Each specific query will get a different count that specifies how many queries will be generated. This can be inspected after the test. For example, for 10 seconds of single-threaded runtime, the queries from demo workload `get_node_by_id` got 64230 different queries, while `get_nodes` got 5061 because of different time complexity of queries.
- `--num-workers-for-benchmark` - The flag defines how many concurrent clients will open and query the database. With this flag, you can simulate different database users connecting to the database and executing queries. Each of the clients is independent and executes queries as fast as possible. They share a total pool of queries that were generated by the `--single-threaded-runtime-sec`. This means the total number of queries that need to be executed is shared between a specified number of workers.

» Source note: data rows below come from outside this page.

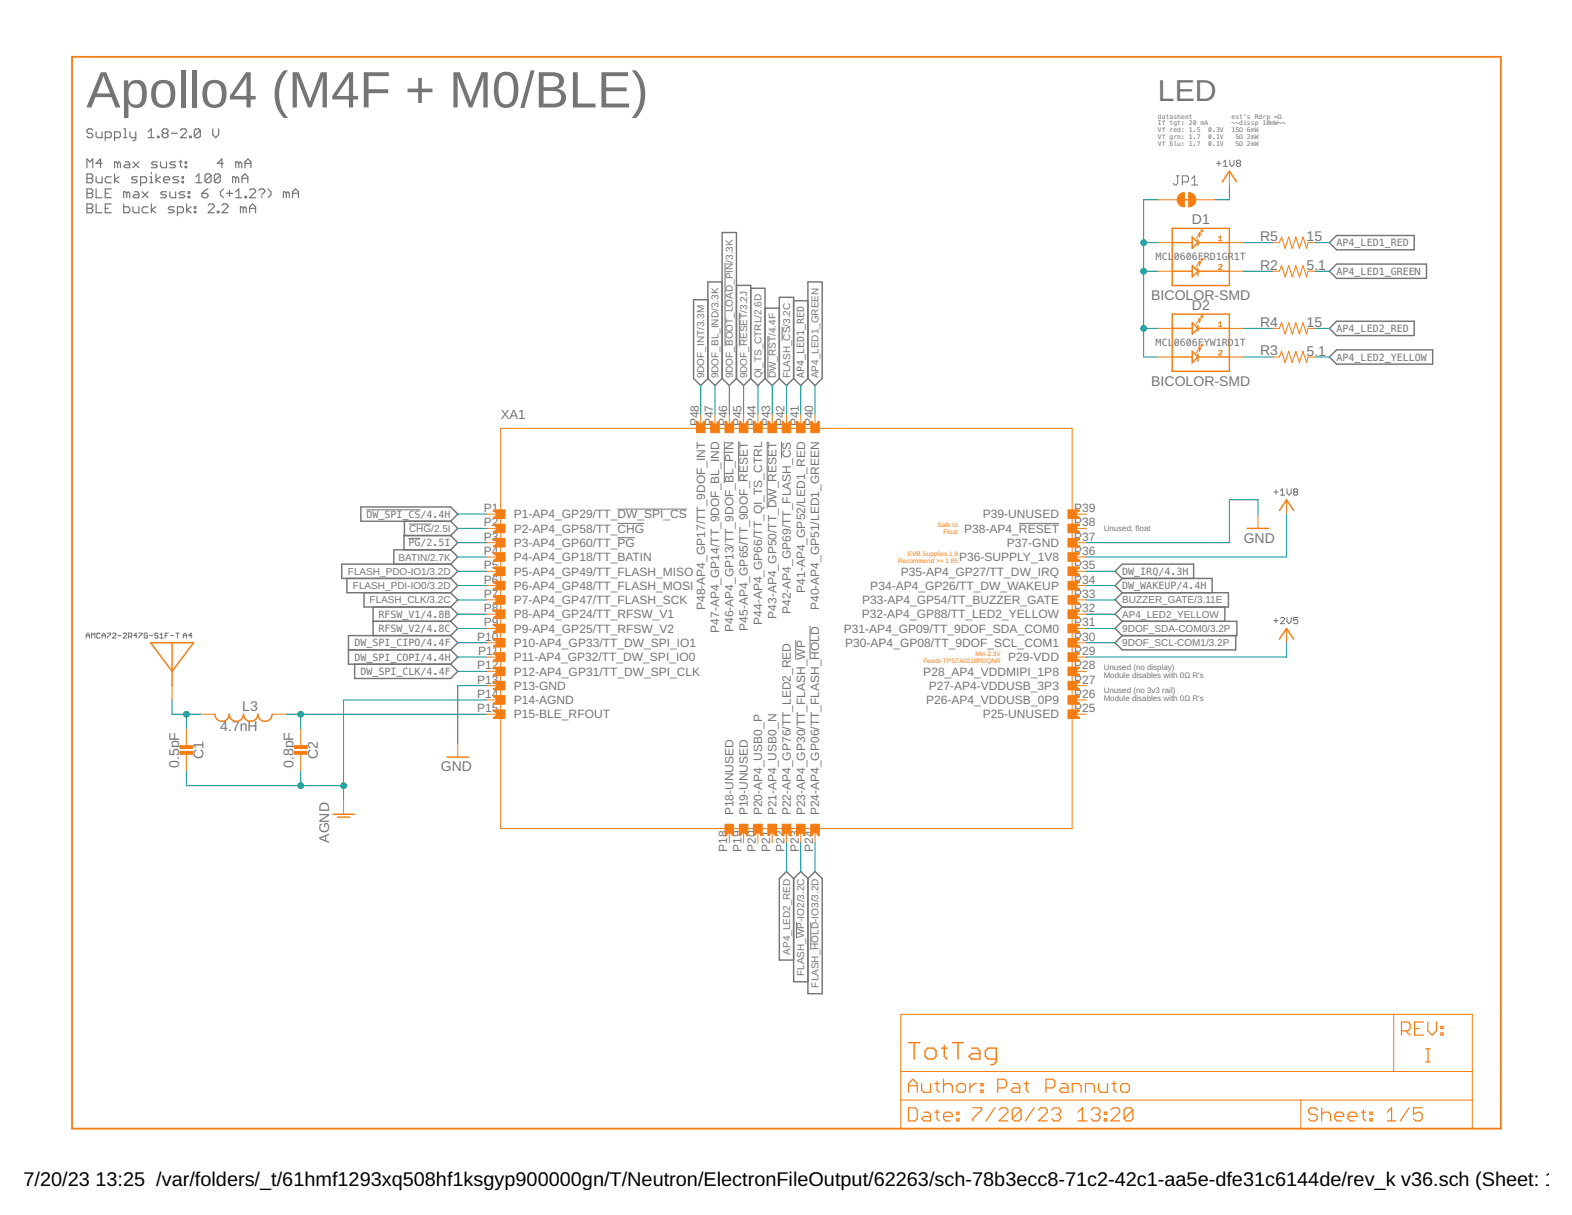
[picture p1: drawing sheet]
<svg xmlns="http://www.w3.org/2000/svg" width="279mm" height="216mm" viewBox="0 0 279 216" stroke-linecap="round" stroke-linejoin="round" font-family="sans-serif">
<g fill="none" stroke="#757575" stroke-width=".21">
<path d="M15.5 29.8v-1.6l.5 .6 .5-.6v1.6M15.5 30.9h.7l.3 .3v.2l-.3 .3 .3 .2v.3l-.3 .3h-.7zM15.5 33.6h.7l.3 .2v.3l-.3 .3 .3 .2v.3l-.3 .2h-.7zM15.5 36.2h.7l.3 .3v.2l-.3 .3 .3 .3v.2l-.3 .3h-.7zM15.5 31.7h.7M15.5 34.4h.7M15.5 37h.7M16.5 23.2l-.3-.3h-.5l-.2 .3v.2l.2 .3h.5l.3 .2v.3l-.3 .3h-.5l-.2-.3M17.1 23.4v.8l.3 .3h.7v-1.1M17.1 31.4v.8l.3 .3h.7v-1.1M17.1 33.6v1.5h1M17.1 36.2v1.6h1"/>
<path d="M18.1 29h-1l.8-.8v1.6M18.7 24.5h.8l.3-.3v-.5l-.3-.3h-.8v1.6M18.7 34.4h.5M18.7 37h.5M19.8 31.4h-.8l-.3 .3v.5l.3 .3h.8M19.8 33.6h-1.1v1.5h1.1M19.8 36.2h-1.1v1.6h1.1M20.4 24.5h.7l.3-.3v-.5l-.3-.3h-.7v1.6M20.4 30.9v1.6M20.9 29l-.3-.2h-.2v1M20.9 29l.2-.2 .3 .2v.8M20.9 29v.8"/>
<path d="M21.1 31.4l-.7 .5 .7 .6M22 22.9h.3v1.6M22 24.5h.5M22 36.2v1.6h.8l.3-.3v-.5l-.3-.3h-.8M22.3 28.8h.5l.3 .2v.8h-.8l-.3-.3 .3-.2h.8M22.5 34.4l.3-.3 .3 .3v.7M22.5 34.4l-.2-.3h-.3v1M22.5 34.4v.7M23.1 23.4v.8l.2 .3h.8M23.6 28.8l1.1 1M23.6 36.7v.8l.3 .3h.8v-1.1M23.9 34.1h.5l.3 .3v.7h-.8l-.3-.2 .3-.3h.8"/>
<path d="M24.1 23.4v1.3l-.2 .3h-.3M24.4 31.4h-.8l-.2 .3 .2 .2h.6l.2 .3-.2 .3h-.8M24.7 28.8l-1.1 1M25 32.5h.8l.3-.3v-.5l-.3-.3h-.8v1.6M25.3 34.1l1 1M26.3 34.1l-1 1M26.3 36.7h-.8l-.2 .3v.5l.2 .3h.8M26.4 24.5h1M26.4 23.4l.5-.5v1.6M26.6 31.4h.3v1.1M26.6 32.5h.6M26.9 30.6v.3"/>
<path d="M26.9 36.2v1.6M27.7 36.7l-.8 .6 .8 .5M27.7 30.9v1.6M28 28.8h-.8l-.3 .2 .3 .3h.5l.3 .2-.3 .3h-.8M28 24.2h.3v.3h-.3zM28.5 31.4l-.8 .5 .8 .6M28.5 28.8v.7l.3 .3h.8v-1M29.1 23.7l-.3-.3v-.2l.3-.3h.5l.3 .3v.2l-.3 .3M29.1 23.7h.5M29.1 23.7l-.3 .2v.3l.3 .3h.5l.3-.3v-.3l-.3-.2M29.1 31.9h1v-.2l-.2-.3h-.5l-.3 .3v.5l.3 .3h.5M29.6 34.1h-.8l-.3 .3 .3 .2h.5l.3 .3-.3 .2h-.8"/>
<path d="M30.2 34.1v.8l.2 .2h.8v-1M30.5 23.7h1M31 36.7h-.8l-.3 .3 .3 .3h.5l.3 .2-.3 .3h-.8M31.2 28.8h-.8l-.2 .2 .2 .3h.6l.2 .2-.2 .3h-.8M31.5 37.8h.8l.3-.3v-.5l-.3-.3h-.8v1.6M31.8 31.4h-.8l-.3 .3 .3 .2h.5l.3 .3-.3 .3h-.8M31.8 28.8h.5M32.1 23.2l.2-.3h.6l.2 .3v.2l-1 1.1h1M32.1 28.5v1l.2 .3M32.4 32.2h.2v.3h-.2zM32.4 31.4h.2v.3h-.2zM32.9 34.1h-.8l-.3 .3 .3 .2h.5l.3 .3-.3 .2h-.8"/>
<path d="M32.9 28.8h.3v.2h-.3zM32.9 29.5h.3v.3h-.3zM33.2 36.2v1.6M33.4 34.1h.3v.3h-.3zM33.4 34.9h.3v.2h-.3zM33.7 24.2h.3v.3h-.3zM34 36.7l-.8 .6 .8 .5M34.5 36.7h.3v.3h-.3zM34.5 37.5h.3v.3h-.3zM34.8 32.5h1.1M34.8 31.4l.5-.5v1.6M35.6 23.2l-.3-.3h-.5l-.3 .3v1"/>
<path d="M35.6 23.2v1l-.3 .3h-.5l-.3-.3M35.6 23.2l-1.1 1M35.9 34.4h.8l.3 .2v.3l-.3 .2h-.5l-.3-.2zM37 33.6l-.6 .2-.5 .6M37 36.5l.3-.3h.5l.3 .3v.2l-1.1 1.1h1.1M37.5 31.2l-.3-.3h-.5l-.3 .3v1M37.5 31.2v1l-.3 .3h-.5l-.3-.3M37.5 31.2l-1.1 1M37.8 22.9v1l.5 .6 .6-.6v-1M38.6 37.5h.3v.3h-.3zM39.1 31.2l-.2-.3h-.5l-.3 .3v1M39.1 31.2v1l-.2 .3h-.5l-.3-.3"/>
<path d="M39.1 31.2l-1 1M39.5 36.5l.2-.3h.5l.3 .3v.2l-1 1.1h1M39.7 29h-1.1l.8-.8v1.6M39.7 33.6l-.5 .5v.5l.5 .5M40.3 34.4h1M40.8 33.8v1.1M41.9 31.7v.8M41.9 31.7l.2-.3 .3 .3v.8M41.9 31.7l-.3-.3h-.2v1.1M41.9 34.1l.5-.5v1.5M41.9 35.1h1.1M42.4 29l-.2-.2h-.3v1"/>
<path d="M42.4 29v.8M42.4 29l.3-.2 .3 .2v.8M43 31.7h1M43 32.5v-1.1l.5-.5 .5 .5v1.1M43.2 37l-.2-.3h-.3v1.1M43.2 37v.8M43.2 37l.3-.3 .3 .3v.8M43.5 29h1.1M43.5 29.8v-1l.6-.6 .5 .6v1M43.5 34.9h.3v.2h-.3zM44.4 33.8l.2-.2h.5l.3 .2v.3l-1 1h1M44.4 37.8v-1.1l.5-.5 .5 .5v1.1"/>
<path d="M44.4 37h1M46 33.8l.3-.2h.5l.3 .2v.3l-.6 .5M46.5 34.9v.2M47.6 33.6l.6 .5v.5l-.6 .5M50.9 34.4l-.3-.3h-.2v1M50.9 34.4v.7M50.9 34.4l.3-.3 .2 .3v.7M52 34.4h1M52 35.1v-1l.5-.5 .5 .5v1"/>
</g>
<g fill="none" stroke="#757575" stroke-width=".18">
<path d="M209.1 31.2h.5M209.3 31.2v1.4l-.2 .3h-.3l-.3-.3M210.1 32.3h.9l.2-.2v-.6l-.2-.3h-.9v1.7M211.8 32.9h1.1M211.8 31.8l.5-.6v1.7M216.2 29h.8M216.6 28.6v.8M217.4 28.8l.4-.3v1.1M217.4 29.6h.8M218.6 28.5v.7l.3 .4 .4-.4v-.7M219.9 29h.4M219.9 29l-.1 .2v.2l.1 .2h.4l.2-.2-.2-.4"/>
<path d="M219.9 29l-.1-.2v-.2l.1-.1h.4l.2 .1-.2 .4M128.9 46.7v14.8M131.4 55.6v5.9M136.5 59.7v7.5M139 58.1v2.4M128.7 78.5v7.3M131.3 78.4v7.2M136.4 78.5v11.8M138.9 78.5v2.9M65.1 90.6h9.6M72.6 95.7h2.1M72.7 93.1h3.9"/>
<path d="M109.7 90.5h12.4M109.7 93h4.8M109.7 95.5h3.1M181.1 93h7.1M226.4 87.4h.8M226.8 87.1v.7M227.6 87.2l.3-.3v1.1M227.6 88h.7M228.7 86.9v.7l.4 .4 .4-.4v-.7M230.1 87.4h.4M230.1 87.4l-.2 .2 .2 .4h.4l.2-.2-.2-.4M230.1 87.4l-.2-.2 .2-.3h.4l.2 .2-.2 .3"/>
<path d="M15.3 113.4v-.6l.3-.3 .3 .3v.6M15.3 112.9h.6M16.3 113.4v-.9l.3 .3 .3-.3v.9M17.8 112.6l-.1-.1h-.3l-.2 .1v.6l.2 .2h.3l.1-.2M18.1 112.9h.6M18.1 113.4v-.6l.3-.3 .3 .3v.6M19.1 112.5h.6l-.6 .9M20 112.6l.2-.1h.2l.2 .1v.2l-.6 .6h.6M21 112.9h.5M21.9 112.6l.1-.1h.3l.2 .1v.2l-.6 .6h.6M22.8 113.1h.5l.1-.2v-.3l-.1-.1h-.5v.9M23.1 113.1l.3 .3"/>
<path d="M24.3 112.9h-.6l.5-.4v.9M24.7 112.5h.6l-.6 .9M26.2 112.6l-.1-.1h-.3l-.2 .1v.6l.2 .2h.3l.1-.2v-.3h-.3M26.6 112.9h.6M28.1 112.6l-.2-.1h-.3l-.1 .1 .1 .3h.3l.2 .2-.2 .3h-.3l-.1-.2M28.4 113.4h.6M28.4 112.8l.3-.3v.9M29.4 112.9h.3M30 112.5h-.6v.9M30.3 112.9h.6M31.2 112.5h.6M31.5 112.5v.9"/>
<path d="M32.6 112.9h.6M32.6 113.4v-.6l.3-.3 .3 .3v.6M34.1 112.9h-.6l.5-.4v.9M141.4 113.7v3.5M144 111.3v5.9M226.4 110.3h.8M226.8 109.9v.8M227.6 109.9l.2-.2h.3l.2 .2v.2l-.7 .7h.7M228.7 109.7v.8l.4 .3 .4-.3v-.8M230.7 109.7h-.8v.6l.4-.2 .4 .2v.4l-.2 .1h-.4l-.2-.1M141.6 163.9v2.8M144.1 163.9v4.9"/>
</g>
<g fill="none" stroke="#757575" stroke-width=".25">
<path d="M125.8 53.3h-2.5v13.9l1.2 1.3 1.3-1.3M128.4 50.1h-2.6v17.1M130.9 50.7h2.5v16.5M133.4 51.2h2.6v16M136 54.8h2.5M141.1 53.4h2.5M143.6 50.1h2.5v17.1l-1.2 1.3-1.3-1.3zM236.3 48.2l1.3-1.3h15.9v2.6h-15.9zM236.3 58.4l1.3-1.3h13.8v2.5h-13.8zM236.3 43.1l1.3-1.3h13.8v2.6h-13.8zM125.8 67.2l1.3 1.3 1.3-1.3M128.4 67.2v-25.9h2.5v25.9"/>
<path d="M128.4 67.2l1.2 1.3 1.3-1.3M130.9 67.2l1.3 1.3 1.2-1.3M133.4 67.2l1.3 1.3 1.3-1.3M136 67.2l1.2 1.3 1.3-1.3M138.5 67.2v-14.4h2.6v14.4M138.5 67.2l1.3 1.3 1.3-1.3M141.1 67.2l1.2 1.3 1.3-1.3M236.3 63.4l1.3-1.2h17v2.5h-17zM64.1 90.1h16l1.3 1.3-1.3 1.2h-16zM71.9 92.6v2.6M80.1 97.7l1.3 1.3-1.3 1.2M80.1 97.7h-10.1v2.5"/>
<path d="M80.1 92.6l1.3 1.3-1.3 1.3M80.1 95.2h-8.3v2.5M80.1 95.2l1.3 1.2-1.3 1.3M61.7 102.8v2.5h18.4M61.9 115.5h18.2M63 118v2.6h17.1l1.3-1.3-1.3-1.3M64.7 105.3v2.6h15.4M66.3 110.4h13.8M66.3 107.9v5M80.1 100.2h-19.4v2.6h19.4M80.1 105.3l1.3 1.3-1.3 1.3M80.1 102.8l1.3 1.3-1.3 1.2"/>
<path d="M80.1 100.2l1.3 1.3-1.3 1.3M80.1 115.5l1.3 1.3-1.3 1.2M80.1 110.4l1.3 1.3-1.3 1.2M80.1 112.9h-18.2v5.1h18.2M80.1 107.9l1.3 1.2-1.3 1.3M80.1 112.9l1.3 1.3-1.3 1.3M199.5 102.8l-1.3-1.3 1.3-1.3h12.7v2.6M199.5 107.9l-1.3 1.2 1.3 1.3M199.5 105.3h18.8v2.6h-18.8M199.5 110.4h20.3v2.5h-20.3M199.5 105.3l-1.3 1.3 1.3 1.3M199.5 102.8h15.9v2.5"/>
<path d="M199.5 110.4l-1.3 1.3 1.3 1.2M199.5 112.9l-1.3 1.3 1.3 1.3h20.1v-2.6M199.5 102.8l-1.3 1.3 1.3 1.2M217.7 107.9v2.5M141.1 156.1l-1.3-1.2-1.3 1.2v14.5h2.6M141.1 156.1v18.4h2.5M141.1 156.1l1.2-1.2 1.3 1.2M144.9 154.9l1.2 1.2v20.5h-2.5v-20.5z"/>
</g>
<path d="M12.8 10.1h254v190.5h-254z" fill="none" stroke="#f57c10" stroke-width=".32"/>
<g fill="none" stroke="#f57c10" stroke-width=".21">
<path d="M161.5 196.8h1.1l.4 .4v1.6l-.4 .4h-1.1zM161.5 194.1v-1.5l.7-.8 .8 .8v1.5M161.5 192.9h1.5M163.8 192.6v1.1l.4 .4h1.2v-1.5M164.2 197.6h.8l.4 .4v1.2h-1.2l-.4-.4 .4-.4h1.2M166.1 197.6h.8M166.1 192.6h.8M166.5 192.2v1.5l.4 .4M166.5 197.2v1.6l.4 .4M167.7 198.4h1.6v-.4l-.4-.4h-.8l-.4 .4v.8l.4 .4h.8M167.7 192.9l.4-.3h.8l.4 .3v1.2M167.7 191.8v2.3"/>
<path d="M170.1 198.8h.3v.4h-.3zM170.1 197.6h.3v.4h-.3zM170.4 192.6h.8l.4 .3v.8l-.4 .4h-.8l-.3-.4v-.8zM172.4 192.6v1.5M172.9 196.8h1.6v.4l-1.6 1.6v.4M173.5 192.6h-.3l-.8 .7M174.3 192.6h.4v.3h-.4zM174.3 193.7h.4v.4h-.4zM176.8 196.8l-1.6 2.4M177.3 193.3h1.2l.4-.4v-.7l-.4-.4h-1.2v2.3M177.6 197.2l.4-.4h.8l.3 .4v.4l-1.5 1.6h1.5M180.1 192.6h.7l.5 .3v1.2h-1.2l-.4-.4 .4-.4h1.2"/>
<path d="M181.5 197.2l-.4-.4h-.8l-.4 .4v1.6M181.5 197.2v1.6l-.4 .4h-.8l-.4-.4M181.5 197.2l-1.6 1.6M182 192.6h.8M182.4 192.2v1.5l.4 .4M183.8 196.8l-1.6 2.4M184.6 197.2l.4-.4h.8l.3 .4v.4l-1.5 1.6h1.5M185.9 193.3h1.2l.4-.4v-.7l-.4-.4h-1.2v2.3M186.9 197.2l.4-.4h.8l.4 .4v.4l-.4 .4M187.7 198h.4M188.1 198l.4 .4v.4l-.4 .4h-.8l-.4-.4M188.6 192.6h.8l.4 .3v1.2h-1.2l-.3-.4 .3-.4h1.2"/>
<path d="M190.6 194.1v-1.5h1.2l.4 .3v1.2M191.6 199.2h1.6M191.6 197.6l.8-.8v2.4M192.9 194.1v-1.5h1.2l.4 .3v1.2M194 197.2l.3-.4h.8l.4 .4v.4l-.4 .4M194.7 198h.4M195.1 198l.4 .4v.4l-.4 .4h-.8l-.3-.4M195.3 192.6v1.1l.4 .4h1.1v-1.5M196.3 198.8h.4v.4h-.4zM196.3 197.6h.4v.4h-.4zM197.4 197.2l.4-.4h.8l.4 .4v.4l-1.6 1.6h1.6M197.6 192.6h.8"/>
<path d="M198 192.2v1.5l.4 .4M199.2 192.9l.4-.3h.7l.4 .3v.8l-.4 .4h-.7l-.4-.4zM201.4 197.2l-.4-.4h-.8l-.4 .4v1.6M201.4 197.2v1.6l-.4 .4h-.8l-.4-.4M201.4 197.2l-1.6 1.6M234.1 197.2l-.4-.4h-.7l-.4 .4v.4l.4 .4h.7l.4 .4v.4l-.4 .4h-.7l-.4-.4M234.9 198l.4-.4h.8l.4 .4v1.2M234.9 196.8v2.4M237.3 198.4h1.5v-.4l-.4-.4h-.8l-.3 .4v.8l.3 .4h.8M239.6 198.4h1.6v-.4l-.4-.4h-.8l-.4 .4v.8l.4 .4h.8M241.9 197.6h.8M242.3 197.2v1.6l.4 .4"/>
<path d="M243.5 198.8h.4v.4h-.4zM243.5 197.6h.4v.4h-.4zM246.5 199.2h1.6M246.5 197.6l.8-.8v2.4M249.1 183.2h1.2l.3-.4v-.8l-.3-.4h-1.2v2.3M249.9 183.2l.7 .7M250.4 196.8l-1.5 2.4M251.4 182.8h.8M252.8 196.8h-1.6v1.2l.8-.4h.4l.4 .4v.8l-.4 .4h-.8l-.4-.4M253 181.6h-1.6v2.3h1.6M253.4 188.7h.8M253.4 186.4h.8"/>
<path d="M253.8 181.6v1.6l.8 .7 .7-.7v-1.6M253.8 186.4v2.3M256.1 183.6h.4v.3h-.4zM256.1 182.4h.4v.4h-.4z"/>
</g>
<g fill="none" stroke="#f57c10" stroke-width=".25">
<path d="M210.1 35.5h1.8M217.2 32.3l1.3-1.9 1.3 1.9M208.3 40.6h10.2v10.1h-10.2zM208.3 43.1h3.6M208.3 48.2h3.6M208.3 55.8h10.2v10.2h-10.2zM208.3 58.4h3.6M211.9 42.1l1 1-1 1zM211.9 47.2l1 1-1 1zM211.9 57.3l1 1.1-1 1zM212.9 43.1h5.6M212.9 48.2h5.6"/>
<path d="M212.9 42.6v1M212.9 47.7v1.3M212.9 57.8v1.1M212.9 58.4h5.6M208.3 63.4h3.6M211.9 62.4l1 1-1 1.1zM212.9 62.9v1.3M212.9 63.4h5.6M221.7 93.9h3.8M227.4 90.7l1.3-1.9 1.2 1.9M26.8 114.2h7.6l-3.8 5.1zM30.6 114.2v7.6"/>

- `--warm-up` - The warm-up flag can take a three different arguments, `cold`, `hot` and `vulcanic`. Cold is the default. There is no warm-up being executed, `hot` will execute some predefined queries before the benchmark, while `vulcanic` will run the whole workload first before taking measurements. Here is the implementation of [warm-up](https://github.com/memgraph/memgraph/blob/master/tests/mgbench/benchmark.py#L186)
## How to compare results
Once the benchmark has been run, the results are saved in a file specified by `--export-results` argument. You can use the results files and compare them against other vendor results via the `compare_results.py` script:
```python compare_results.py --compare path_to/run_1.json path_to/run_2.json --output run_1_vs_run_2.html --different-vendors```
The output is an HTML file with a visual representation of the performance differences between two compared vendors. The first passed summary JSON file is the reference point. Feel free to open an HTML file in any browser at hand.
## Customizing workload generator
### How to run the same workload on the different vendors
The base [Workload class](#1-inherit-the-workload-class) has benchmarking context information that contains all benchmark arguments used in this run. Some are mentioned above. The key argument here is the `--vendor-name`, which defines what database is being used in this benchmark.
During the creation of your workload, you can access the parent class property by using `self.benchmark_context.vendor_name`. For example, if you want to specify special index creation for each vendor, the `indexes_generator()` could look like this:
```python
def indexes_generator(self):
indexes = []
if "neo4j" in self.benchmark_context.vendor_name:
indexes.extend(
[
("CREATE INDEX FOR (n:NodeA) ON (n.id);", {}),
("CREATE INDEX FOR (n:NodeB) ON (n.id);", {}),
]
)
else:
indexes.extend(
[
("CREATE INDEX ON :NodeA(id);", {}),
("CREATE INDEX ON :NodeB(id);", {}),
]
)
return indexes
```
The same applies to the `dataset_generator()`. During the generation of the dataset, you can use special types of queries for different vendors.